SURFACE TRANSPORTATION BOARD AFFIRMS "2-TO-1" SHIPPER'S USE OF RIGHTS UNDER "OMNIBUS CLAUSE" IMPOSED ON "UNION PACIFIC/SOUTHERN PACIFIC" RAIL MERGER



SURFACE TRANSPORTATION BOARD AFFIRMS "2-TO-1" SHIPPER'S USE OF RIGHTS UNDER "OMNIBUS CLAUSE" IMPOSED ON "UNION PACIFIC/SOUTHERN PACIFIC" RAIL MERGER



In a decision issued in August 1996, the Board approved the merger of the Union Pacific (UP) and Southern Pacific (SP) railroads. To remedy potential competitive problems, the Board imposed numerous conditions addressing the competitive harm that the merger would otherwise have produced. Several conditions were directed specifically to the competitive harm that otherwise would have been suffered by 2-to-1 shippers (that is, shippers served exclusively by UP and SP prior to the merger). A trackage rights condition, granting extensive trackage rights over UP/SP lines to the Burlington Northern Santa Fe (BNSF) railroad, protected most 2-to-1 shippers.
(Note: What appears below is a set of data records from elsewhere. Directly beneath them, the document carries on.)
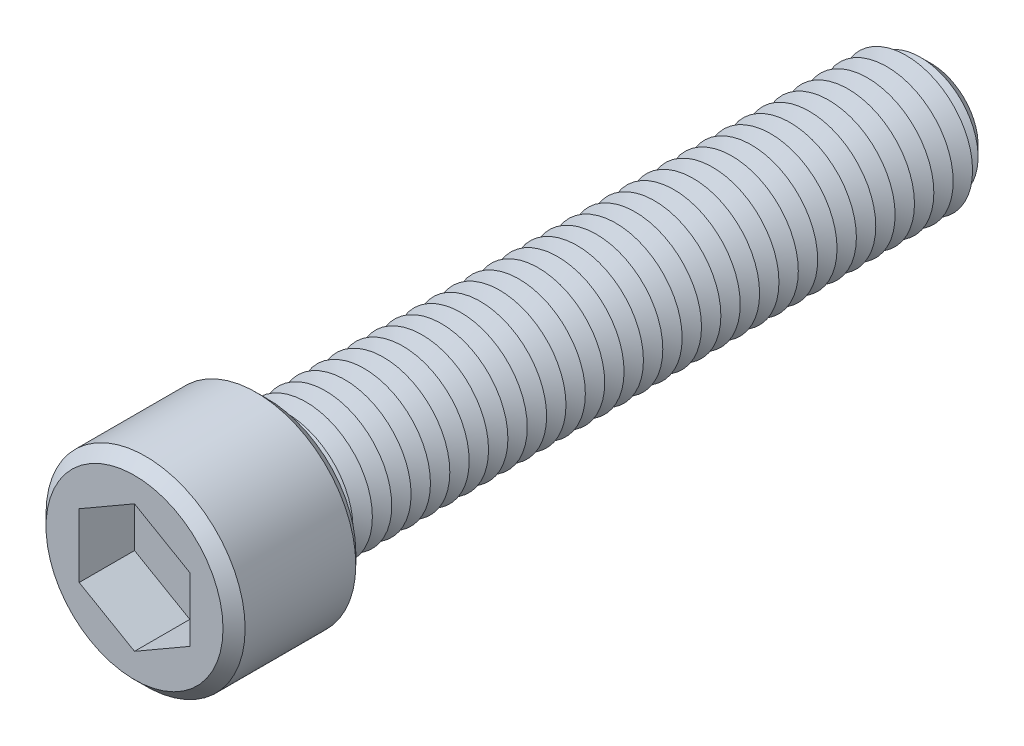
ISO-10303-21;
HEADER;
FILE_DESCRIPTION(('STEP AP214'),'2;1');
FILE_NAME('part.step','',(''),(''),'','','');
FILE_SCHEMA(('AUTOMOTIVE_DESIGN { 1 0 10303 214 1 1 1 1 }'));
ENDSEC;
DATA;
#1=APPLICATION_CONTEXT('core data for automotive mechanical design processes');
#2=APPLICATION_PROTOCOL_DEFINITION('international standard','automotive_design',2000,#1);
#3=PRODUCT_CONTEXT('',#1,'mechanical');
#4=PRODUCT('Part','Part','',(#3));
#5=PRODUCT_RELATED_PRODUCT_CATEGORY('part','',(#4));
#6=PRODUCT_DEFINITION_FORMATION('','',#4);
#7=PRODUCT_DEFINITION_CONTEXT('part definition',#1,'design');
#8=PRODUCT_DEFINITION('design','',#6,#7);
#9=PRODUCT_DEFINITION_SHAPE('','',#8);
#10=(LENGTH_UNIT() NAMED_UNIT(*) SI_UNIT(.MILLI.,.METRE.));
#11=(NAMED_UNIT(*) PLANE_ANGLE_UNIT() SI_UNIT($,.RADIAN.));
#12=(NAMED_UNIT(*) SI_UNIT($,.STERADIAN.) SOLID_ANGLE_UNIT());
#13=UNCERTAINTY_MEASURE_WITH_UNIT(LENGTH_MEASURE(1.E-05),#10,'distance_accuracy_value','');
#14=(GEOMETRIC_REPRESENTATION_CONTEXT(3) GLOBAL_UNCERTAINTY_ASSIGNED_CONTEXT((#13)) GLOBAL_UNIT_ASSIGNED_CONTEXT((#10,
#11,#12)) REPRESENTATION_CONTEXT('',''));
#15=CARTESIAN_POINT('',(0.,0.,0.));
#16=DIRECTION('',(0.,0.,1.));
#17=DIRECTION('',(1.,0.,0.));
#18=AXIS2_PLACEMENT_3D('',#15,#16,#17);
#19=CARTESIAN_POINT('',(0.,0.,12.));
#20=DIRECTION('',(0.,0.,-1.));
#21=DIRECTION('',(-1.,0.,0.));
#22=AXIS2_PLACEMENT_3D('',#19,#20,#21);
#23=CYLINDRICAL_SURFACE('',#22,9.);
#24=CARTESIAN_POINT('',(0.,0.,1.));
#25=DIRECTION('',(0.,0.,1.));
#26=DIRECTION('',(1.,0.,0.));
#27=AXIS2_PLACEMENT_3D('',#24,#25,#26);
#28=CIRCLE('',#27,9.);
#29=CARTESIAN_POINT('',(9.,0.,1.));
#30=VERTEX_POINT('',#29);
#31=EDGE_CURVE('E448',#30,#30,#28,.T.);
#32=ORIENTED_EDGE('',*,*,#31,.T.);
#33=EDGE_LOOP('',(#32));
#34=FACE_BOUND('',#33,.T.);
#35=CARTESIAN_POINT('',(0.,0.,11.));
#36=DIRECTION('',(0.,0.,1.));
#37=DIRECTION('',(1.,0.,0.));
#38=AXIS2_PLACEMENT_3D('',#35,#36,#37);
#39=CIRCLE('',#38,9.);
#40=CARTESIAN_POINT('',(9.,0.,11.));
#41=VERTEX_POINT('',#40);
#42=EDGE_CURVE('E441',#41,#41,#39,.F.);
#43=ORIENTED_EDGE('',*,*,#42,.T.);
#44=EDGE_LOOP('',(#43));
#45=FACE_BOUND('',#44,.T.);
#46=ADVANCED_FACE('F39',(#34,#45),#23,.T.);
#47=CARTESIAN_POINT('',(0.,0.,12.));
#48=DIRECTION('',(0.,0.,1.));
#49=DIRECTION('',(1.,0.,0.));
#50=AXIS2_PLACEMENT_3D('',#47,#48,#49);
#51=PLANE('',#50);
#52=CARTESIAN_POINT('',(0.,0.,12.));
#53=DIRECTION('',(0.,0.,1.));
#54=DIRECTION('',(1.,0.,0.));
#55=AXIS2_PLACEMENT_3D('',#52,#53,#54);
#56=CIRCLE('',#55,7.99999999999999);
#57=CARTESIAN_POINT('',(7.99999999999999,0.,12.));
#58=VERTEX_POINT('',#57);
#59=EDGE_CURVE('E11',#58,#58,#56,.T.);
#60=ORIENTED_EDGE('',*,*,#59,.T.);
#61=EDGE_LOOP('',(#60));
#62=FACE_BOUND('',#61,.T.);
#63=DIRECTION('',(-0.866025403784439,0.5,0.));
#64=VECTOR('',#63,1.);
#65=CARTESIAN_POINT('',(5.,2.88675134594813,12.));
#66=LINE('',#65,#64);
#67=CARTESIAN_POINT('',(5.,2.88675134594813,12.));
#68=VERTEX_POINT('',#67);
#69=CARTESIAN_POINT('',(0.,5.77350269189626,12.));
#70=VERTEX_POINT('',#69);
#71=EDGE_CURVE('E55',#68,#70,#66,.T.);
#72=ORIENTED_EDGE('',*,*,#71,.F.);
#73=DIRECTION('',(0.,1.,0.));
#74=VECTOR('',#73,1.);
#75=CARTESIAN_POINT('',(5.,-2.88675134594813,12.));
#76=LINE('',#75,#74);
#77=CARTESIAN_POINT('',(5.,-2.88675134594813,12.));
#78=VERTEX_POINT('',#77);
#79=EDGE_CURVE('E151',#78,#68,#76,.T.);
#80=ORIENTED_EDGE('',*,*,#79,.F.);
#81=DIRECTION('',(0.866025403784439,0.5,0.));
#82=VECTOR('',#81,1.);
#83=CARTESIAN_POINT('',(0.,-5.77350269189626,12.));
#84=LINE('',#83,#82);
#85=CARTESIAN_POINT('',(0.,-5.77350269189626,12.));
#86=VERTEX_POINT('',#85);
#87=EDGE_CURVE('E148',#86,#78,#84,.T.);
#88=ORIENTED_EDGE('',*,*,#87,.F.);
#89=DIRECTION('',(0.866025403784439,-0.5,0.));
#90=VECTOR('',#89,1.);
#91=CARTESIAN_POINT('',(-5.,-2.88675134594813,12.));
#92=LINE('',#91,#90);
#93=CARTESIAN_POINT('',(-5.,-2.88675134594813,12.));
#94=VERTEX_POINT('',#93);
#95=EDGE_CURVE('E103',#94,#86,#92,.T.);
#96=ORIENTED_EDGE('',*,*,#95,.F.);
#97=DIRECTION('',(0.,-1.,0.));
#98=VECTOR('',#97,1.);
#99=CARTESIAN_POINT('',(-5.,2.88675134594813,12.));
#100=LINE('',#99,#98);
#101=CARTESIAN_POINT('',(-5.,2.88675134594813,12.));
#102=VERTEX_POINT('',#101);
#103=EDGE_CURVE('E142',#102,#94,#100,.T.);
#104=ORIENTED_EDGE('',*,*,#103,.F.);
#105=DIRECTION('',(-0.866025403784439,-0.5,0.));
#106=VECTOR('',#105,1.);
#107=CARTESIAN_POINT('',(0.,5.77350269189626,12.));
#108=LINE('',#107,#106);
#109=EDGE_CURVE('E137',#70,#102,#108,.T.);
#110=ORIENTED_EDGE('',*,*,#109,.F.);
#111=EDGE_LOOP('',(#72,#80,#88,#96,#104,#110));
#112=FACE_BOUND('',#111,.T.);
#113=ADVANCED_FACE('F467',(#62,#112),#51,.T.);
#114=CARTESIAN_POINT('',(0.,0.,0.));
#115=DIRECTION('',(0.,0.,1.));
#116=DIRECTION('',(1.,0.,0.));
#117=AXIS2_PLACEMENT_3D('',#114,#115,#116);
#118=PLANE('',#117);
#119=CARTESIAN_POINT('',(0.,0.,0.));
#120=DIRECTION('',(0.,0.,1.));
#121=DIRECTION('',(1.,0.,0.));
#122=AXIS2_PLACEMENT_3D('',#119,#120,#121);
#123=CIRCLE('',#122,7.99999999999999);
#124=CARTESIAN_POINT('',(7.99999999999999,0.,0.));
#125=VERTEX_POINT('',#124);
#126=EDGE_CURVE('E48',#125,#125,#123,.F.);
#127=ORIENTED_EDGE('',*,*,#126,.T.);
#128=EDGE_LOOP('',(#127));
#129=FACE_BOUND('',#128,.T.);
#130=CARTESIAN_POINT('',(0.,0.,0.));
#131=DIRECTION('',(0.,0.,1.));
#132=DIRECTION('',(1.,0.,0.));
#133=AXIS2_PLACEMENT_3D('',#130,#131,#132);
#134=CIRCLE('',#133,6.);
#135=CARTESIAN_POINT('',(6.,0.,0.));
#136=VERTEX_POINT('',#135);
#137=EDGE_CURVE('E433',#136,#136,#134,.T.);
#138=ORIENTED_EDGE('',*,*,#137,.T.);
#139=EDGE_LOOP('',(#138));
#140=FACE_BOUND('',#139,.T.);
#141=ADVANCED_FACE('F456',(#129,#140),#118,.F.);
#142=CARTESIAN_POINT('',(0.,0.,0.));
#143=DIRECTION('',(0.,0.,1.));
#144=DIRECTION('',(1.,0.,0.));
#145=AXIS2_PLACEMENT_3D('',#142,#143,#144);
#146=CONICAL_SURFACE('',#145,6.,1.0471975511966);
#147=CARTESIAN_POINT('',(0.,0.,-0.875));
#148=DIRECTION('',(0.,0.,1.));
#149=DIRECTION('',(1.,0.,0.));
#150=AXIS2_PLACEMENT_3D('',#147,#148,#149);
#151=CIRCLE('',#150,4.48445554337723);
#152=CARTESIAN_POINT('',(4.48445554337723,0.,-0.875));
#153=VERTEX_POINT('',#152);
#154=EDGE_CURVE('E429',#153,#153,#151,.T.);
#155=ORIENTED_EDGE('',*,*,#154,.T.);
#156=EDGE_LOOP('',(#155));
#157=FACE_BOUND('',#156,.T.);
#158=ORIENTED_EDGE('',*,*,#137,.F.);
#159=EDGE_LOOP('',(#158));
#160=FACE_BOUND('',#159,.T.);
#161=ADVANCED_FACE('F788',(#157,#160),#146,.T.);
#162=CARTESIAN_POINT('',(0.,0.,-0.875));
#163=DIRECTION('',(0.,0.,-1.));
#164=DIRECTION('',(-1.,0.,0.));
#165=AXIS2_PLACEMENT_3D('',#162,#163,#164);
#166=CONICAL_SURFACE('',#165,4.48445554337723,1.0471975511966);
#167=CARTESIAN_POINT('',(0.,0.,-1.75));
#168=DIRECTION('',(0.,0.,1.));
#169=DIRECTION('',(1.,0.,0.));
#170=AXIS2_PLACEMENT_3D('',#167,#168,#169);
#171=CIRCLE('',#170,6.);
#172=CARTESIAN_POINT('',(6.,0.,-1.75));
#173=VERTEX_POINT('',#172);
#174=EDGE_CURVE('E425',#173,#173,#171,.T.);
#175=ORIENTED_EDGE('',*,*,#174,.T.);
#176=EDGE_LOOP('',(#175));
#177=FACE_BOUND('',#176,.T.);
#178=ORIENTED_EDGE('',*,*,#154,.F.);
#179=EDGE_LOOP('',(#178));
#180=FACE_BOUND('',#179,.T.);
#181=ADVANCED_FACE('F784',(#177,#180),#166,.T.);
#182=CARTESIAN_POINT('',(0.,0.,-1.75));
#183=DIRECTION('',(0.,0.,1.));
#184=DIRECTION('',(1.,0.,0.));
#185=AXIS2_PLACEMENT_3D('',#182,#183,#184);
#186=CONICAL_SURFACE('',#185,6.,1.0471975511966);
#187=CARTESIAN_POINT('',(0.,0.,-2.625));
#188=DIRECTION('',(0.,0.,1.));
#189=DIRECTION('',(1.,0.,0.));
#190=AXIS2_PLACEMENT_3D('',#187,#188,#189);
#191=CIRCLE('',#190,4.48445554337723);
#192=CARTESIAN_POINT('',(4.48445554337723,0.,-2.625));
#193=VERTEX_POINT('',#192);
#194=EDGE_CURVE('E421',#193,#193,#191,.T.);
#195=ORIENTED_EDGE('',*,*,#194,.T.);
#196=EDGE_LOOP('',(#195));
#197=FACE_BOUND('',#196,.T.);
#198=ORIENTED_EDGE('',*,*,#174,.F.);
#199=EDGE_LOOP('',(#198));
#200=FACE_BOUND('',#199,.T.);
#201=ADVANCED_FACE('F780',(#197,#200),#186,.T.);
#202=CARTESIAN_POINT('',(0.,0.,-2.625));
#203=DIRECTION('',(0.,0.,-1.));
#204=DIRECTION('',(-1.,0.,0.));
#205=AXIS2_PLACEMENT_3D('',#202,#203,#204);
#206=CONICAL_SURFACE('',#205,4.48445554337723,1.0471975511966);
#207=CARTESIAN_POINT('',(0.,0.,-3.5));
#208=DIRECTION('',(0.,0.,1.));
#209=DIRECTION('',(1.,0.,0.));
#210=AXIS2_PLACEMENT_3D('',#207,#208,#209);
#211=CIRCLE('',#210,6.);
#212=CARTESIAN_POINT('',(6.,0.,-3.5));
#213=VERTEX_POINT('',#212);
#214=EDGE_CURVE('E417',#213,#213,#211,.T.);
#215=ORIENTED_EDGE('',*,*,#214,.T.);
#216=EDGE_LOOP('',(#215));
#217=FACE_BOUND('',#216,.T.);
#218=ORIENTED_EDGE('',*,*,#194,.F.);
#219=EDGE_LOOP('',(#218));
#220=FACE_BOUND('',#219,.T.);
#221=ADVANCED_FACE('F776',(#217,#220),#206,.T.);
#222=CARTESIAN_POINT('',(0.,0.,-3.5));
#223=DIRECTION('',(0.,0.,1.));
#224=DIRECTION('',(1.,0.,0.));
#225=AXIS2_PLACEMENT_3D('',#222,#223,#224);
#226=CONICAL_SURFACE('',#225,6.,1.0471975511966);
#227=CARTESIAN_POINT('',(0.,0.,-4.375));
#228=DIRECTION('',(0.,0.,1.));
#229=DIRECTION('',(1.,0.,0.));
#230=AXIS2_PLACEMENT_3D('',#227,#228,#229);
#231=CIRCLE('',#230,4.48445554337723);
#232=CARTESIAN_POINT('',(4.48445554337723,0.,-4.375));
#233=VERTEX_POINT('',#232);
#234=EDGE_CURVE('E414',#233,#233,#231,.T.);
#235=ORIENTED_EDGE('',*,*,#234,.T.);
#236=EDGE_LOOP('',(#235));
#237=FACE_BOUND('',#236,.T.);
#238=ORIENTED_EDGE('',*,*,#214,.F.);
#239=EDGE_LOOP('',(#238));
#240=FACE_BOUND('',#239,.T.);
#241=ADVANCED_FACE('F772',(#237,#240),#226,.T.);
#242=CARTESIAN_POINT('',(0.,0.,-4.375));
#243=DIRECTION('',(0.,0.,-1.));
#244=DIRECTION('',(-1.,0.,0.));
#245=AXIS2_PLACEMENT_3D('',#242,#243,#244);
#246=CONICAL_SURFACE('',#245,4.48445554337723,1.0471975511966);
#247=CARTESIAN_POINT('',(0.,0.,-5.25));
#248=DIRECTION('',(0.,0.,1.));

An additional condition, commonly referred to as the omnibus clause, was imposed to protect any 2-to-1 shipper not covered by BNSF trackage rights. The omnibus clause required UP and BNSF to enter into arrangements "under which, through trackage rights, haulage, ratemaking authority or other mutually acceptable means, BNSF will be able to provide competitive service" to each 2-to-1 shipper covered by the clause.



In the decision issued today, the Board addressed the applicability of the omnibus clause to Union Electric's coal-fired electric generating plant at Labadie, Franklin County, Missouri, which is not covered by trackage rights granted in 1996 to BNSF. UP had acknowledged in this case that Union Electric was a 2-to-1 shipper (because the Labadie plant was accessed, prior to the UP/SP merger, by UP and by SP and by no other railroad), but argued that a settlement agreement entered into by Union Electric in March 1996 removed Union Electric from omnibus clause coverage. The Board rejected UP's argument. The Board noted that nowhere in the March 1996 settlement agreement had Union Electric agreed to give up its rights under the omnibus clause. The Board thus concluded that Union Electric still had rights, which UP must respect. The Board anticipates that, now that the omnibus-clause issue has been resolved, UP and BNSF will attempt to negotiate an arrangement "under which, through trackage rights, haulage, ratemaking authority or other mutually acceptable means, BNSF will be able to provide competitive service" to Union Electric at Labadie.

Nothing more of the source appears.